“Thinning edges have stopped me experimenting with my hair for years – not any more”

Written by Lateefah Jean-Baptiste

From fear to knowledge – how one writer reframed her relationship with her hair.

For as long as I can remember, I’ve always feared my hair breaking or, more specifically, my edges thinning to the point of a receding hairline. I know I’m not alone in this worry. Edges, the word commonly used to refer to the shorter hairs around the hairline in textured hair types, can be prone to breakage and tension-induced damage.

Recently, I stumbled across a video by influencer Sincerely Oghosa, in which she explained that almost every hairstyle that Black women try could potentially break their edges, something I deeply related to. 

While watching, I couldn’t help but think about all of the hairstyles I haven’t attempted as an adult, mostly out of fear of the effect it would have on my edges. For example, I’ve wanted to try faux locs or have a texture release treatment for ages but the thought of something going awry and my hair breaking regularly stops me from booking the appointment.

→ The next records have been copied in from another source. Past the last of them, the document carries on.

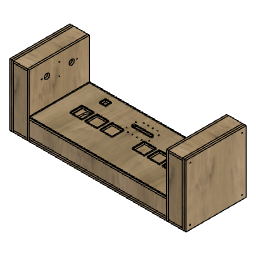
ongekicon-diy (Autodesk Fusion 360 design; units mm, degrees)
Autodesk Fusion 360 part; units mm, degrees
(part 1 of 3)
sketch "스케치1" plane through (0, 0, 0) normal (0, 0, 1) x (1, 0, 0)
  line L0 (289, -642.7336) -> (375, -642.7336)
  line L1 (375, -656.7336) -> (289, -656.7336)
  arc A0 (289, -642.7336) -> (289, -656.7336) centre (289, -649.7336) ccw
  arc A1 (375, -656.7336) -> (375, -642.7336) centre (375, -649.7336) ccw
  line L2 (289, -642.7336) -> (289, -656.7336) construction
  line L3 (375, -642.7336) -> (375, -656.7336) construction
  line L4 (375, -642.7336) -> (386.9217, -626.4866) construction
  line L5 (386.9217, -626.4866) -> (386.9217, -642.6701) construction
  line L6 (386.9217, -642.6701) -> (386.9217, -656.6701) construction
  line L7 (386.9217, -656.6701) -> (386.9217, -672.8535) construction
  line L8 (375, -656.7336) -> (386.9217, -672.8535) construction
  line L9 (386.9217, -642.6701) -> (386.9217, -656.6701) construction
  line L10 (375, -642.7336) -> (375, -656.7336) construction
  line L11 (375, -642.7336) -> (386.9217, -626.4866) construction
  line L12 (375, -656.7336) -> (386.9217, -672.8535) construction
  line L13 (386.9217, -656.6701) -> (386.9217, -672.8535) construction
  line L14 (386.9217, -626.4866) -> (386.9217, -642.6701) construction
  arc A2 (375, -656.7336) -> (375, -642.7336) centre (375, -649.7336) ccw
  line L15 (375, -642.7336) -> (386.9217, -642.7336) construction
  line L16 (289, -642.7336) -> (277.0783, -642.7336) construction
  line L17 (277.0783, -642.7336) -> (277.0783, -626.5501) construction
  line L18 (277.0783, -626.5501) -> (289, -642.7336) construction
  line L19 (289, -656.7336) -> (277.0783, -656.7336) construction
  line L20 (277.0783, -656.7336) -> (277.0783, -672.9171) construction
  line L21 (289, -656.7336) -> (277.0783, -672.9171) construction
  circle A3 centre (277.0783, -626.5501) radius 2.65
  circle A4 centre (277.0783, -672.9171) radius 2.65
  circle A5 centre (386.9217, -626.4866) radius 2.65
  circle A6 centre (386.9217, -672.8535) radius 2.65
  line L22 (299.0783, -611.6097) -> (277.0783, -626.5501) construction
  circle A7 centre (299.0783, -611.6097) radius 2.65
  line L23 (299.0783, -611.6097) -> (321.0783, -611.6097) construction
  line L24 (321.0783, -611.6097) -> (343.0783, -611.6097) construction
  line L25 (343.0783, -611.6097) -> (365.0783, -611.6097) construction
  line L26 (364.9217, -687.7939) -> (386.9217, -672.8535) construction
  line L27 (364.9217, -687.7939) -> (342.9217, -687.7939) construction
  line L28 (342.9217, -687.7939) -> (320.9217, -687.7939) construction
  line L29 (320.9217, -687.7939) -> (298.9217, -687.7939) construction
  circle A8 centre (321.0783, -611.6097) radius 2.65
  circle A9 centre (343.0783, -611.6097) radius 2.65
  circle A10 centre (365.0783, -611.6097) radius 2.65
  circle A11 centre (364.9217, -687.7939) radius 2.65
  circle A12 centre (342.9217, -687.7939) radius 2.65
  circle A13 centre (320.9217, -687.7939) radius 2.65
  circle A14 centre (298.9217, -687.7939) radius 2.65
  line L30 (0, -575) -> (664, -575)
  line L31 (664, -575) -> (664, -866)
  line L32 (664, -866) -> (0, -866)
  line L33 (0, -866) -> (0, -575)
  line L34 (0, -575) -> (332, -575) construction
  line L35 (332, -575) -> (332, -649.7336) construction
  line L36 (0, -649.7336) -> (0, -575) construction
  line L37 (332, -649.7336) -> (289, -649.7336) construction
  line L38 (150.8081, -749.0793) -> (137.915, -749.0793) construction
  line L39 (223.7013, -749.0793) -> (210.8081, -749.0793) construction
  line L40 (842.8371, -502.2992) -> (842.8371, -516.2992) construction
  line L41 (820.8371, -547.4231) -> (842.8371, -532.4827) construction
  line L42 (830.9154, -502.3627) -> (830.9154, -516.3627) construction
  line L43 (830.9154, -516.3627) -> (842.8371, -532.4827) construction
  line L44 (842.8371, -516.2992) -> (842.8371, -532.4827) construction
  circle A15 centre (798.8371, -547.4231) radius 2.65
  circle A16 centre (798.9937, -471.2388) radius 2.65
  line L45 (798.9937, -471.2388) -> (820.9937, -471.2388) construction
  circle A17 centre (820.8371, -547.4231) radius 2.65
  circle A18 centre (842.8371, -532.4827) radius 2.65
  line L46 (820.8371, -547.4231) -> (798.8371, -547.4231) construction
  circle A19 centre (842.8371, -486.1157) radius 2.65
  arc A20 (830.9154, -516.3627) -> (830.9154, -502.3627) centre (830.9154, -509.3627) ccw
  circle A21 centre (820.9937, -471.2388) radius 2.65
  line L47 (830.9154, -502.3627) -> (842.8371, -502.3627) construction
  line L48 (830.9154, -502.3627) -> (830.9154, -516.3627) construction
  line L49 (830.9154, -516.3627) -> (842.8371, -532.4827) construction
  arc A22 (830.9154, -516.3627) -> (830.9154, -502.3627) centre (830.9154, -509.3627) ccw
  line L50 (798.8371, -547.4231) -> (776.8371, -547.4231) construction
  line L51 (744.9154, -502.3627) -> (830.9154, -502.3627)
  line L52 (776.9937, -471.2388) -> (798.9937, -471.2388) construction
  line L53 (830.9154, -516.3627) -> (744.9154, -516.3627)
  circle A23 centre (754.8371, -547.4231) radius 2.65
  line L54 (732.9937, -502.3627) -> (732.9937, -486.1792) construction
  circle A24 centre (776.8371, -547.4231) radius 2.65
  line L55 (787.9154, -509.3627) -> (744.9154, -509.3627) construction
  line L56 (744.9154, -502.3627) -> (732.9937, -502.3627) construction
  line L57 (754.9937, -471.2388) -> (776.9937, -471.2388) construction
  circle A25 centre (776.9937, -471.2388) radius 2.65
  circle A26 centre (754.9937, -471.2388) radius 2.65
  line L58 (732.9937, -486.1792) -> (744.9154, -502.3627) construction
  circle A27 centre (732.9937, -532.5462) radius 2.65
  line L59 (776.8371, -547.4231) -> (754.8371, -547.4231) construction
  line L60 (744.9154, -516.3627) -> (732.9937, -516.3627) construction
  line L61 (732.9937, -516.3627) -> (732.9937, -532.5462) construction
  line L62 (754.9937, -471.2388) -> (732.9937, -486.1792) construction
  line L63 (744.9154, -502.3627) -> (744.9154, -516.3627) construction
  line L64 (830.9154, -502.3627) -> (842.8371, -486.1157) construction
  line L65 (842.8371, -486.1157) -> (842.8371, -502.2992) construction
  line L66 (842.8371, -516.2992) -> (842.8371, -532.4827) construction
  line L67 (842.8371, -486.1157) -> (842.8371, -502.2992) construction
  line L68 (842.8371, -502.2992) -> (842.8371, -516.2992) construction
  line L69 (830.9154, -502.3627) -> (842.8371, -486.1157) construction
  line L70 (744.9154, -516.3627) -> (732.9937, -532.5462) construction
  circle A28 centre (732.9937, -486.1792) radius 2.65
  arc A29 (744.9154, -502.3627) -> (744.9154, -516.3627) centre (744.9154, -509.3627) ccw
  circle A30 centre (-55.9858, -345.9527) radius 2.65
  line L71 (-55.9858, -299.5858) -> (-55.9858, -315.7693) construction
  circle A31 centre (-77.8292, -284.7089) radius 2.65
  line L72 (-153.9075, -329.8328) -> (-165.8292, -346.0163) construction
  line L73 (-121.8292, -284.7089) -> (-99.8292, -284.7089) construction
  line L74 (-153.9075, -329.8328) -> (-165.8292, -329.8328) construction
  arc A32 (-153.9075, -315.8328) -> (-153.9075, -329.8328) centre (-153.9075, -322.8328) ccw
  line L75 (-165.8292, -329.8328) -> (-165.8292, -346.0163) construction
  circle A33 centre (-165.8292, -299.6493) radius 2.65
  circle A34 centre (-143.9858, -360.8931) radius 2.65
  line L76 (-143.8292, -284.7089) -> (-121.8292, -284.7089) construction
  line L77 (-153.9075, -315.8328) -> (-153.9075, -329.8328) construction
  line L78 (-153.9075, -315.8328) -> (-165.8292, -315.8328) construction
  circle A35 centre (-121.8292, -284.7089) radius 2.65
  line L79 (-67.9075, -329.8328) -> (-153.9075, -329.8328)
  line L80 (-55.9858, -315.7693) -> (-55.9858, -329.7693) construction
  line L81 (-153.9075, -315.8328) -> (-67.9075, -315.8328)
  circle A36 centre (-77.9858, -360.8931) radius 2.65
  arc A37 (-67.9075, -329.8328) -> (-67.9075, -315.8328) centre (-67.9075, -322.8328) ccw
  arc A38 (-67.9075, -329.8328) -> (-67.9075, -315.8328) centre (-67.9075, -322.8328) ccw
  line L82 (-67.9075, -315.8328) -> (-55.9858, -299.5858) construction
  line L83 (-67.9075, -315.8328) -> (-67.9075, -329.8328) construction
  line L84 (-67.9075, -315.8328) -> (-55.9858, -315.8328) construction
  circle A39 centre (-55.9858, -299.5858) radius 2.65
  line L85 (-99.8292, -284.7089) -> (-77.8292, -284.7089) construction
  line L86 (-67.9075, -329.8328) -> (-55.9858, -345.9527) construction
  circle A40 centre (-99.9858, -360.8931) radius 2.65
  line L87 (-77.9858, -360.8931) -> (-55.9858, -345.9527) construction
  circle A41 centre (-99.8292, -284.7089) radius 2.65
  line L88 (-55.9858, -299.5858) -> (-55.9858, -315.7693) construction
  line L89 (-67.9075, -329.8328) -> (-55.9858, -345.9527) construction
  line L90 (-77.9858, -360.8931) -> (-99.9858, -360.8931) construction
  line L91 (-55.9858, -329.7693) -> (-55.9858, -345.9527) construction
  line L92 (-55.9858, -329.7693) -> (-55.9858, -345.9527) construction
  line L93 (-165.8292, -315.8328) -> (-165.8292, -299.6493) construction
  line L94 (-165.8292, -299.6493) -> (-153.9075, -315.8328) construction
  line L95 (-99.9858, -360.8931) -> (-121.9858, -360.8931) construction
  line L96 (-110.9075, -322.8328) -> (-153.9075, -322.8328) construction
  circle A42 centre (-165.8292, -346.0163) radius 2.65
  line L97 (-121.9858, -360.8931) -> (-143.9858, -360.8931) construction
  line L98 (-67.9075, -315.8328) -> (-55.9858, -299.5858) construction
  line L99 (-67.9075, -315.8328) -> (-67.9075, -329.8328) construction
  circle A43 centre (-143.8292, -284.7089) radius 2.65
  circle A44 centre (-121.9858, -360.8931) radius 2.65
  line L100 (-55.9858, -315.7693) -> (-55.9858, -329.7693) construction
  line L101 (-143.8292, -284.7089) -> (-165.8292, -299.6493) construction
  line L102 (0, -1260) -> (664, -1260)
  line L103 (664, -1260) -> (664, -1333)
  line L104 (664, -1333) -> (0, -1333)
  line L105 (0, -1333) -> (0, -1260)
  line L106 (0, -1495) -> (0, -1422)
  line L107 (664, -1422) -> (664, -1495)
  line L108 (0, -1422) -> (664, -1422)
  line L109 (664, -1495) -> (0, -1495)
  circle A45 centre (-680.319, -279.9365) radius 2.65
  line L110 (-604.942, -341.2219) -> (-664.942, -341.2219)
  circle A46 centre (-658.319, -264.9961) radius 2.65
  line L111 (-592.0489, -341.2219) -> (-604.942, -341.2219) construction
  line L112 (-834.4326, -341.2219) -> (-834.4326, -281.2219)
  line L113 (-907.3257, -341.2219) -> (-967.3257, -341.2219)
  line L114 (-592.0489, -281.2219) -> (-532.0489, -281.2219)
  line L115 (-967.3257, -281.2219) -> (-907.3257, -281.2219)
  line L116 (-761.5395, -281.2219) -> (-821.5395, -281.2219)
  line L117 (-907.3257, -281.2219) -> (-907.3257, -341.2219)
  line L118 (-821.5395, -341.2219) -> (-834.4326, -341.2219) construction
  line L119 (-532.0489, -341.2219) -> (-592.0489, -341.2219)
  line L120 (-821.5395, -341.2219) -> (-761.5395, -341.2219)
  line L121 (-1045.2407, -198.34) -> (-1045.2407, -167.1425) construction
  line L122 (-821.5395, -281.2219) -> (-821.5395, -341.2219)
  line L123 (-894.4326, -281.2219) -> (-894.4326, -341.2219)
  line L124 (-967.3257, -341.2219) -> (-967.3257, -281.2219)
  circle A47 centre (-724.1625, -203.7522) radius 2.65
  circle A48 centre (-746.1625, -203.7522) radius 2.65
  circle A49 centre (-724.319, -279.9365) radius 2.65
  arc A50 (-756.2407, -234.8761) -> (-756.2407, -248.8761) centre (-756.2407, -241.8761) ccw
  line L125 (-761.5395, -341.2219) -> (-761.5395, -281.2219)
  circle A51 centre (-680.1625, -203.7522) radius 2.65
  line L126 (-592.0489, -341.2219) -> (-592.0489, -281.2219)
  circle A52 centre (-768.1625, -265.0596) radius 2.65
  circle A53 centre (-746.319, -279.9365) radius 2.65
  line L127 (-670.2407, -248.8761) -> (-756.2407, -248.8761)
  circle A54 centre (-768.1625, -218.6926) radius 2.65
  line L128 (-756.2407, -234.8761) -> (-670.2407, -234.8761)
  line L129 (-381.2407, -167.1425) -> (-381.2407, -198.34) construction
  line L130 (-903.551, -198.34) -> (-903.551, -231.34)
  line L131 (-903.551, -231.34) -> (-936.551, -231.34)
  line L132 (-894.4326, -341.2219) -> (-834.4326, -341.2219)
  line L133 (-894.4326, -341.2219) -> (-907.3257, -341.2219) construction
  line L134 (-1045.2407, -241.8761) -> (-1045.2407, -167.1425) construction
  line L135 (-936.551, -198.34) -> (-903.551, -198.34)
  line L136 (-1045.2407, -167.1425) -> (-381.2407, -167.1425)
  line L137 (-1045.2407, -167.1425) -> (-713.2407, -167.1425) construction
  line L138 (-936.551, -231.34) -> (-936.551, -198.34)
  line L139 (-381.2407, -458.1425) -> (-1045.2407, -458.1425)
  line L140 (-1045.2407, -458.1425) -> (-1045.2407, -167.1425)
  line L141 (-834.4326, -281.2219) -> (-894.4326, -281.2219)
  line L142 (-522.9305, -198.34) -> (-522.9305, -231.34)
  line L143 (-519.1557, -281.2219) -> (-519.1557, -341.2219)
  line L144 (-519.1557, -341.2219) -> (-532.0489, -341.2219) construction
  line L145 (-459.1557, -281.2219) -> (-519.1557, -281.2219)
  line L146 (-519.1557, -341.2219) -> (-459.1557, -341.2219)
  line L147 (-489.9305, -231.34) -> (-489.9305, -198.34)
  line L148 (-532.0489, -281.2219) -> (-532.0489, -341.2219)
  line L149 (-489.9305, -198.34) -> (-522.9305, -198.34)
  line L150 (-522.9305, -231.34) -> (-489.9305, -231.34)
  line L151 (-459.1557, -341.2219) -> (-459.1557, -281.2219)
  line L152 (-381.2407, -167.1425) -> (-381.2407, -458.1425)
  circle A55 centre (-658.319, -218.6291) radius 2.65
  line L153 (-664.942, -281.2219) -> (-604.942, -281.2219)
  line L154 (-664.942, -341.2219) -> (-664.942, -281.2219)
  arc A56 (-670.2407, -248.8761) -> (-670.2407, -234.8761) centre (-670.2407, -241.8761) ccw
  circle A57 centre (-702.1625, -203.7522) radius 2.65
  line L155 (-604.942, -281.2219) -> (-604.942, -341.2219)
  circle A58 centre (-702.319, -279.9365) radius 2.65
  arc A59 (-670.2407, -248.8761) -> (-670.2407, -234.8761) centre (-670.2407, -241.8761) ccw
  line L156 (664, 150) -> (664, -141)
  line L157 (0, -141) -> (0, 150)
  line L158 (664, -141) -> (0, -141)
  line L159 (604, 120) -> (60, 120)
  line L160 (634, -81) -> (634, 90)
  line L161 (30, 90) -> (30, -81)
  line L162 (634, 120) -> (30, -111) construction
  line L163 (60, -111) -> (604, -111)
  line L164 (0, 150) -> (664, 150)
  line L165 (30, 120) -> (634, -111) construction
  line L166 (0, 120) -> (0, 150) construction
  line L167 (664, -141) -> (644.0002, -121.0002) construction
  line L168 (664, 150) -> (644.0002, 130.0002) construction
  line L169 (0, 150) -> (19.9998, 130.0002) construction
  line L170 (0, -141) -> (19.9998, -121.0002) construction
  line L171 (664, -491) -> (644.0002, -471.0002) construction
  line L172 (664, -200) -> (644.0002, -219.9998) construction
  line L173 (634, -431) -> (634, -260)
  line L174 (664, -200) -> (664, -491)
  line L175 (30, -230) -> (634, -461) construction
  line L176 (0, -200) -> (664, -200)
  line L177 (60, -461) -> (604, -461)
  line L178 (664, -491) -> (0, -491)
  line L179 (634, -230) -> (30, -461) construction
  line L180 (30, -260) -> (30, -431)
  line L181 (0, -491) -> (19.9998, -471.0002) construction
  line L182 (604, -230) -> (60, -230)
  line L183 (0, -491) -> (0, -200)
  line L184 (0, -200) -> (19.9998, -219.9998) construction
  line L185 (0, -230) -> (0, -200) construction
  arc A60 (60, 120) -> (30, 90) centre (60, 90) ccw
  arc A61 (634, 90) -> (604, 120) centre (604, 90) ccw
  arc A62 (604, -111) -> (634, -81) centre (604, -81) ccw
  arc A63 (30, -81) -> (60, -111) centre (60, -81) ccw
  arc A64 (60, -230) -> (30, -260) centre (60, -260) ccw
  arc A65 (634, -260) -> (604, -230) centre (604, -260) ccw
  arc A66 (604, -461) -> (634, -431) centre (604, -431) ccw
  arc A67 (30, -431) -> (60, -461) centre (60, -431) ccw
  circle A68 centre (644.0002, -219.9998) radius 3.25
  circle A69 centre (644.0002, -471.0002) radius 3.25
  circle A70 centre (644.0002, -121.0002) radius 9
  circle A71 centre (644.0002, 130.0002) radius 9
  circle A72 centre (19.9998, 130.0002) radius 9
  circle A73 centre (19.9998, -121.0002) radius 9
  circle A74 centre (19.9998, -219.9998) radius 3.25
  circle A75 centre (19.9998, -471.0002) radius 3.25
  line L186 (664, -575) -> (644, -575) construction
  line L187 (644, -575) -> (644, -595) construction
  line L188 (644, -595) -> (664, -595) construction
  line L189 (664, -595) -> (664, -575) construction
  line L190 (664, -866) -> (644, -866) construction
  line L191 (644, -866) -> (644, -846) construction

Part of my hesitation is that I know what it’s like to damage my edges. After years of relaxing my hair and wearing sew-in weaves and wigs, I decided to try and restore my natural curls. At the time, I had no idea what I was doing and it showed. 

For months, I would sport the same hairstyle: a slicked-back high bun with an afro puff. At times, I would have headaches from how tightly I had packed my hair up. The constant pressure on my edges when pulling back my hair resulted in my edges thinning to the point of balding spots along the edges. When this happened, I grew embarrassed of my hair and would wear headbands to hide the visible patches of thin hair and I eventually started wearing wigs to cover it up.

For many Black women, associating pain and discomfort with getting our hair done is normal. I remember being told that my hair had to be done very tightly to look fresh and last longer. This is something many of us still believe to be true.

“When doing your hair, if it’s painful and uncomfortable, this is usually a sign of the hair follicles being excessively pulled, which can result in breakage or traction alopecia,” says Ebuni Ajiduah certified trichologist and owner of Untype Your Hair salon.

“It’s important to remember that the hair around the perimeter of your head is not as strong as the rest of your hair. For those who wear wigs, avoid tight or ill-fitting wigs and use a wig fix or wig cap to protect the hair. Also, make sure braids and the cornrows underneath your wig are not excessively tight.”

Ajiduah recommends that any chemical, colour or relaxing treatments are best determined by a professional: “If you’re unsure if your hair can handle a particular style, I recommend booking an appointment with a qualified hairdresser or trichologist who can offer you a consultation and further advice on what hairstyles your hair can manage.”

For me, the fear of losing my edges intensified when I stopped using chemical relaxers and went completely natural for the second time. After years of hiding my natural hair, I’d finally grown to love it and I didn’t want to do anything that could potentially harm it: exactly the reason I kept returning to the same hairstyles.

“One of the primary causes of thinning edges is traction alopecia,” explains afro hair specialist Stephanie Sey.

“Traction alopecia is when the hair is pulled out repeatedly in one area, usually the edges. Eventually, the hair follicle starts to scar, and the hairs become thinner and thinner. To combat traction alopecia, the best thing is to stop the poor hair care practices. The more you continue, the more likely you will suffer lasting damage. 

“Hair care practices that can cause this are wearing lace wigs as the glue can rip out the hair. Regular wigs can also rub the hairline away as they move from side to side as the day progresses. Other styles that can be problematic are tight braids, weaves and ponytails.” 

When it comes to my stance on hair now, I remind myself that it’s just hair. Hair that can grow back and in my experience always has. I’m aware of the risks and will do everything I can to adopt healthy haircare practices when experimenting with new styles. As an adult, I refuse to let fear dictate the choices I make in any aspect of my life, and that includes my hair.